YOUR OBJECTIVE:
Once you find the line that contains "G_H : Inport", write out that line and every line after it to the end of the records, exactly and with nothing else.

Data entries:

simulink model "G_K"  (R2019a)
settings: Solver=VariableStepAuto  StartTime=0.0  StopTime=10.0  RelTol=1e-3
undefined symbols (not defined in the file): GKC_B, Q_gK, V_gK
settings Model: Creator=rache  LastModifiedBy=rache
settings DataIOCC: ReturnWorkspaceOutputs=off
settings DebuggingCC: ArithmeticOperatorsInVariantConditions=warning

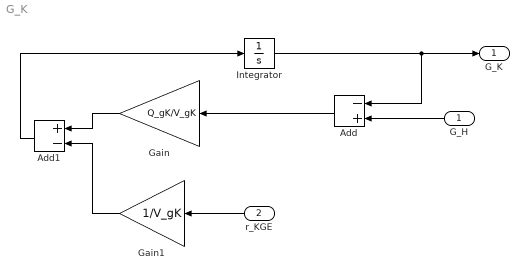
== system G_K ==
  G_H : Inport
  r_KGE : Inport  Port=2
  Add : Sum  Inputs=-+
  Add1 : Sum  Inputs=+-
  Gain : Gain  Gain=Q_gK/V_gK
  Gain1 : Gain  Gain=1/V_gK
  Integrator : Integrator  InitialCondition=GKC_B  LimitOutput=on  LowerSaturationLimit=0
  G_K : Outport
  wires:
  Integrator/1 -> Add/1, G_K/1
  G_H/1 -> Add/2
  Add/1 -> Gain/1
  Gain/1 -> Add1/1
  r_KGE/1 -> Gain1/1
  Gain1/1 -> Add1/2
  Add1/1 -> Integrator/1

REPLY:
  G_H : Inport
  r_KGE : Inport  Port=2
  Add : Sum  Inputs=-+
  Add1 : Sum  Inputs=+-
  Gain : Gain  Gain=Q_gK/V_gK
  Gain1 : Gain  Gain=1/V_gK
  Integrator : Integrator  InitialCondition=GKC_B  LimitOutput=on  LowerSaturationLimit=0
  G_K : Outport
  wires:
  Integrator/1 -> Add/1, G_K/1
  G_H/1 -> Add/2
  Add/1 -> Gain/1
  Gain/1 -> Add1/1
  r_KGE/1 -> Gain1/1
  Gain1/1 -> Add1/2
  Add1/1 -> Integrator/1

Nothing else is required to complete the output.